# What to work on
A verbatim transcript of the data that follows, free of images, is the expected result.

··· Records to process ···

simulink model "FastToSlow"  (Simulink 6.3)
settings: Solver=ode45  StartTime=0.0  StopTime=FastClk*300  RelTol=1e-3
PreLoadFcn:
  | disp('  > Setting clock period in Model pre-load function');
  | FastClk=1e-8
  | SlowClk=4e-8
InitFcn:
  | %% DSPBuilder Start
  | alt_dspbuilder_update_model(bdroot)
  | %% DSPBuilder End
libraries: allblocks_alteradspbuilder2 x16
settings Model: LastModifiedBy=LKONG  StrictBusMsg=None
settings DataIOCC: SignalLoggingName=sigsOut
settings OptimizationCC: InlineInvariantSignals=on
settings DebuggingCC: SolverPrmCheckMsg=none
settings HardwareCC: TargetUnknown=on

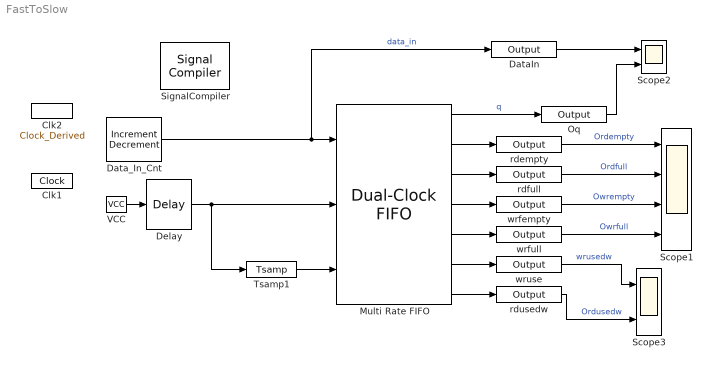
== system FastToSlow ==
  Clk1 : allblocks_alteradspbuilder2/Clock  ClockPeriod=40.0  ClockPeriodUnit=ns  SampleTime=4e-008  SimulationStartCycle=5  PhaseOffset=0  Reset=aclr  ResetType=Active Low  Export=off
  Clk2 : allblocks_alteradspbuilder2/Clock_Derived  ClockNumerator=1  ClockDenominator=4  SimulationStartCycle=5  PhaseOffset=0  Reset=aclr1  ResetType=Active Low  Export=off
  DataIn : allblocks_alteradspbuilder2/Output  iofile=d:\altera\70\dsPBuilder\DesignExamples\Tutorials\MultiRate\FIFO\tb_FastToSlow\FastToSlow_DataIn.capture  BusType=Signed Integer  bwl=8  bwr=0  PORTTYPE=Output
  Data_In_Cnt : allblocks_alteradspbuilder2/Increment Decrement  BusType=Signed Integer  bwl=8  bwr=0  SpecifyClock=on  clock=Clk2  clr_value=0  direction=Increment  phase_selection=1  use_ena=off  use_sclr=off
  Delay : allblocks_alteradspbuilder2/Delay  pipeline=3  ClockPhase=1  use_ena=off  use_sclr=off
  Multi Rate FIFO : allblocks_alteradspbuilder2/Dual-Clock FIFO  numwords=40  BusType=Signed Integer  bwl=8  bwr=0  ram_type=AUTO  UseBaseWriteClock=off  write_clock=Clk2  UseBaseReadClock=off  read_clock=Clk1  use_rdempty=on  use_rdfull=on  use_rdusedw=on  use_wrempty=on  use_wrfull=on  use_wrusedw=on  use_user_aclr=off  register_output=off  use_les_only=off  showahead_mode=off  synchronized=off
  Oq : allblocks_alteradspbuilder2/Output  iofile=d:\altera\70\dsPBuilder\DesignExamples\Tutorials\MultiRate\FIFO\tb_FastToSlow\FastToSlow_Oq.capture  BusType=Signed Integer  bwl=8  bwr=0  PORTTYPE=Output
  Scope1 : Scope  NumInputPorts=4
      settings: YMin=-5~-5~-5~-5  YMax=5~5~5~5
  Scope2 : Scope  NumInputPorts=2
      settings: YMin=-5~-5  YMax=5~5  SaveName=ScopeData2
  Scope3 : Scope  NumInputPorts=2
      settings: YMin=-5~-5  YMax=5~5
  SignalCompiler : allblocks_alteradspbuilder2/Signal Compiler  DeviceFamily=Stratix III  DeviceName=AUTO  EnableSignalTap=off  SignalTapDepth=128  UseBoardBlock=off  StpUseDefaultClock=on  StpClock=clock
  Tsamp1 : allblocks_alteradspbuilder2/Tsamp  SpecifyClock=on  clock=Clk1
  VCC : allblocks_alteradspbuilder2/VCC  SpecifyClock=on  clock=Clk2
  rdempty : allblocks_alteradspbuilder2/Output  iofile=d:\altera\70\dsPBuilder\DesignExamples\Tutorials\MultiRate\FIFO\tb_FastToSlow\FastToSlow_rdempty.capture  BusType=Single Bit  bwl=1  bwr=0  PORTTYPE=Output
  rdfull : allblocks_alteradspbuilder2/Output  iofile=d:\altera\70\dsPBuilder\DesignExamples\Tutorials\MultiRate\FIFO\tb_FastToSlow\FastToSlow_rdfull.capture  BusType=Single Bit  bwl=1  bwr=0  PORTTYPE=Output
  rdusedw : allblocks_alteradspbuilder2/Output  iofile=d:\altera\70\dsPBuilder\DesignExamples\Tutorials\MultiRate\FIFO\tb_FastToSlow\FastToSlow_rdusedw.capture  BusType=Signed Integer  bwl=8  bwr=0  PORTTYPE=Output
  wrfempty : allblocks_alteradspbuilder2/Output  iofile=d:\altera\70\dsPBuilder\DesignExamples\Tutorials\MultiRate\FIFO\tb_FastToSlow\FastToSlow_wrfempty.capture  BusType=Single Bit  bwl=1  bwr=0  PORTTYPE=Output
  wrfull : allblocks_alteradspbuilder2/Output  iofile=d:\altera\70\dsPBuilder\DesignExamples\Tutorials\MultiRate\FIFO\tb_FastToSlow\FastToSlow_wrfull.capture  BusType=Single Bit  bwl=1  bwr=0  PORTTYPE=Output
  wruse : allblocks_alteradspbuilder2/Output  iofile=d:\altera\70\dsPBuilder\DesignExamples\Tutorials\MultiRate\FIFO\tb_FastToSlow\FastToSlow_wruse.capture  BusType=Signed Integer  bwl=8  bwr=0  PORTTYPE=Output
  wires:
  Data_In_Cnt/1 -> Multi Rate FIFO/1, DataIn/1  "data_in"
  Multi Rate FIFO/4 -> wrfempty/1
  Multi Rate FIFO/5 -> wrfull/1
  Multi Rate FIFO/6 -> wruse/1
  VCC/1 -> Delay/1
  Multi Rate FIFO/7 -> rdusedw/1
  Multi Rate FIFO/1 -> Oq/1  "q"
  Multi Rate FIFO/2 -> rdempty/1
  Multi Rate FIFO/3 -> rdfull/1
  Delay/1 -> Tsamp1/1, Multi Rate FIFO/2
  Tsamp1/1 -> Multi Rate FIFO/3
  rdempty/1 -> Scope1/1  "Ordempty"
  rdfull/1 -> Scope1/2  "Ordfull"
  wrfempty/1 -> Scope1/3  "Owrempty"
  wrfull/1 -> Scope1/4  "Owrfull"
  wruse/1 -> Scope3/1  "wrusedw"
  rdusedw/1 -> Scope3/2  "Ordusedw"
  Oq/1 -> Scope2/2
  DataIn/1 -> Scope2/1

···

# Your response
simulink model "FastToSlow"  (Simulink 6.3)
settings: Solver=ode45  StartTime=0.0  StopTime=FastClk*300  RelTol=1e-3
PreLoadFcn:
  | disp('  > Setting clock period in Model pre-load function');
  | FastClk=1e-8
  | SlowClk=4e-8
InitFcn:
  | %% DSPBuilder Start
  | alt_dspbuilder_update_model(bdroot)
  | %% DSPBuilder End
libraries: allblocks_alteradspbuilder2 x16
settings Model: LastModifiedBy=LKONG  StrictBusMsg=None
settings DataIOCC: SignalLoggingName=sigsOut
settings OptimizationCC: InlineInvariantSignals=on
settings DebuggingCC: SolverPrmCheckMsg=none
settings HardwareCC: TargetUnknown=on

== system FastToSlow ==
  Clk1 : allblocks_alteradspbuilder2/Clock  ClockPeriod=40.0  ClockPeriodUnit=ns  SampleTime=4e-008  SimulationStartCycle=5  PhaseOffset=0  Reset=aclr  ResetType=Active Low  Export=off
  Clk2 : allblocks_alteradspbuilder2/Clock_Derived  ClockNumerator=1  ClockDenominator=4  SimulationStartCycle=5  PhaseOffset=0  Reset=aclr1  ResetType=Active Low  Export=off
  DataIn : allblocks_alteradspbuilder2/Output  iofile=d:\altera\70\dsPBuilder\DesignExamples\Tutorials\MultiRate\FIFO\tb_FastToSlow\FastToSlow_DataIn.capture  BusType=Signed Integer  bwl=8  bwr=0  PORTTYPE=Output
  Data_In_Cnt : allblocks_alteradspbuilder2/Increment Decrement  BusType=Signed Integer  bwl=8  bwr=0  SpecifyClock=on  clock=Clk2  clr_value=0  direction=Increment  phase_selection=1  use_ena=off  use_sclr=off
  Delay : allblocks_alteradspbuilder2/Delay  pipeline=3  ClockPhase=1  use_ena=off  use_sclr=off
  Multi Rate FIFO : allblocks_alteradspbuilder2/Dual-Clock FIFO  numwords=40  BusType=Signed Integer  bwl=8  bwr=0  ram_type=AUTO  UseBaseWriteClock=off  write_clock=Clk2  UseBaseReadClock=off  read_clock=Clk1  use_rdempty=on  use_rdfull=on  use_rdusedw=on  use_wrempty=on  use_wrfull=on  use_wrusedw=on  use_user_aclr=off  register_output=off  use_les_only=off  showahead_mode=off  synchronized=off
  Oq : allblocks_alteradspbuilder2/Output  iofile=d:\altera\70\dsPBuilder\DesignExamples\Tutorials\MultiRate\FIFO\tb_FastToSlow\FastToSlow_Oq.capture  BusType=Signed Integer  bwl=8  bwr=0  PORTTYPE=Output
  Scope1 : Scope  NumInputPorts=4
      settings: YMin=-5~-5~-5~-5  YMax=5~5~5~5
  Scope2 : Scope  NumInputPorts=2
      settings: YMin=-5~-5  YMax=5~5  SaveName=ScopeData2
  Scope3 : Scope  NumInputPorts=2
      settings: YMin=-5~-5  YMax=5~5
  SignalCompiler : allblocks_alteradspbuilder2/Signal Compiler  DeviceFamily=Stratix III  DeviceName=AUTO  EnableSignalTap=off  SignalTapDepth=128  UseBoardBlock=off  StpUseDefaultClock=on  StpClock=clock
  Tsamp1 : allblocks_alteradspbuilder2/Tsamp  SpecifyClock=on  clock=Clk1
  VCC : allblocks_alteradspbuilder2/VCC  SpecifyClock=on  clock=Clk2
  rdempty : allblocks_alteradspbuilder2/Output  iofile=d:\altera\70\dsPBuilder\DesignExamples\Tutorials\MultiRate\FIFO\tb_FastToSlow\FastToSlow_rdempty.capture  BusType=Single Bit  bwl=1  bwr=0  PORTTYPE=Output
  rdfull : allblocks_alteradspbuilder2/Output  iofile=d:\altera\70\dsPBuilder\DesignExamples\Tutorials\MultiRate\FIFO\tb_FastToSlow\FastToSlow_rdfull.capture  BusType=Single Bit  bwl=1  bwr=0  PORTTYPE=Output
  rdusedw : allblocks_alteradspbuilder2/Output  iofile=d:\altera\70\dsPBuilder\DesignExamples\Tutorials\MultiRate\FIFO\tb_FastToSlow\FastToSlow_rdusedw.capture  BusType=Signed Integer  bwl=8  bwr=0  PORTTYPE=Output
  wrfempty : allblocks_alteradspbuilder2/Output  iofile=d:\altera\70\dsPBuilder\DesignExamples\Tutorials\MultiRate\FIFO\tb_FastToSlow\FastToSlow_wrfempty.capture  BusType=Single Bit  bwl=1  bwr=0  PORTTYPE=Output
  wrfull : allblocks_alteradspbuilder2/Output  iofile=d:\altera\70\dsPBuilder\DesignExamples\Tutorials\MultiRate\FIFO\tb_FastToSlow\FastToSlow_wrfull.capture  BusType=Single Bit  bwl=1  bwr=0  PORTTYPE=Output
  wruse : allblocks_alteradspbuilder2/Output  iofile=d:\altera\70\dsPBuilder\DesignExamples\Tutorials\MultiRate\FIFO\tb_FastToSlow\FastToSlow_wruse.capture  BusType=Signed Integer  bwl=8  bwr=0  PORTTYPE=Output
  wires:
  Data_In_Cnt/1 -> Multi Rate FIFO/1, DataIn/1  "data_in"
  Multi Rate FIFO/4 -> wrfempty/1
  Multi Rate FIFO/5 -> wrfull/1
  Multi Rate FIFO/6 -> wruse/1
  VCC/1 -> Delay/1
  Multi Rate FIFO/7 -> rdusedw/1
  Multi Rate FIFO/1 -> Oq/1  "q"
  Multi Rate FIFO/2 -> rdempty/1
  Multi Rate FIFO/3 -> rdfull/1
  Delay/1 -> Tsamp1/1, Multi Rate FIFO/2
  Tsamp1/1 -> Multi Rate FIFO/3
  rdempty/1 -> Scope1/1  "Ordempty"
  rdfull/1 -> Scope1/2  "Ordfull"
  wrfempty/1 -> Scope1/3  "Owrempty"
  wrfull/1 -> Scope1/4  "Owrfull"
  wruse/1 -> Scope3/1  "wrusedw"
  rdusedw/1 -> Scope3/2  "Ordusedw"
  Oq/1 -> Scope2/2
  DataIn/1 -> Scope2/1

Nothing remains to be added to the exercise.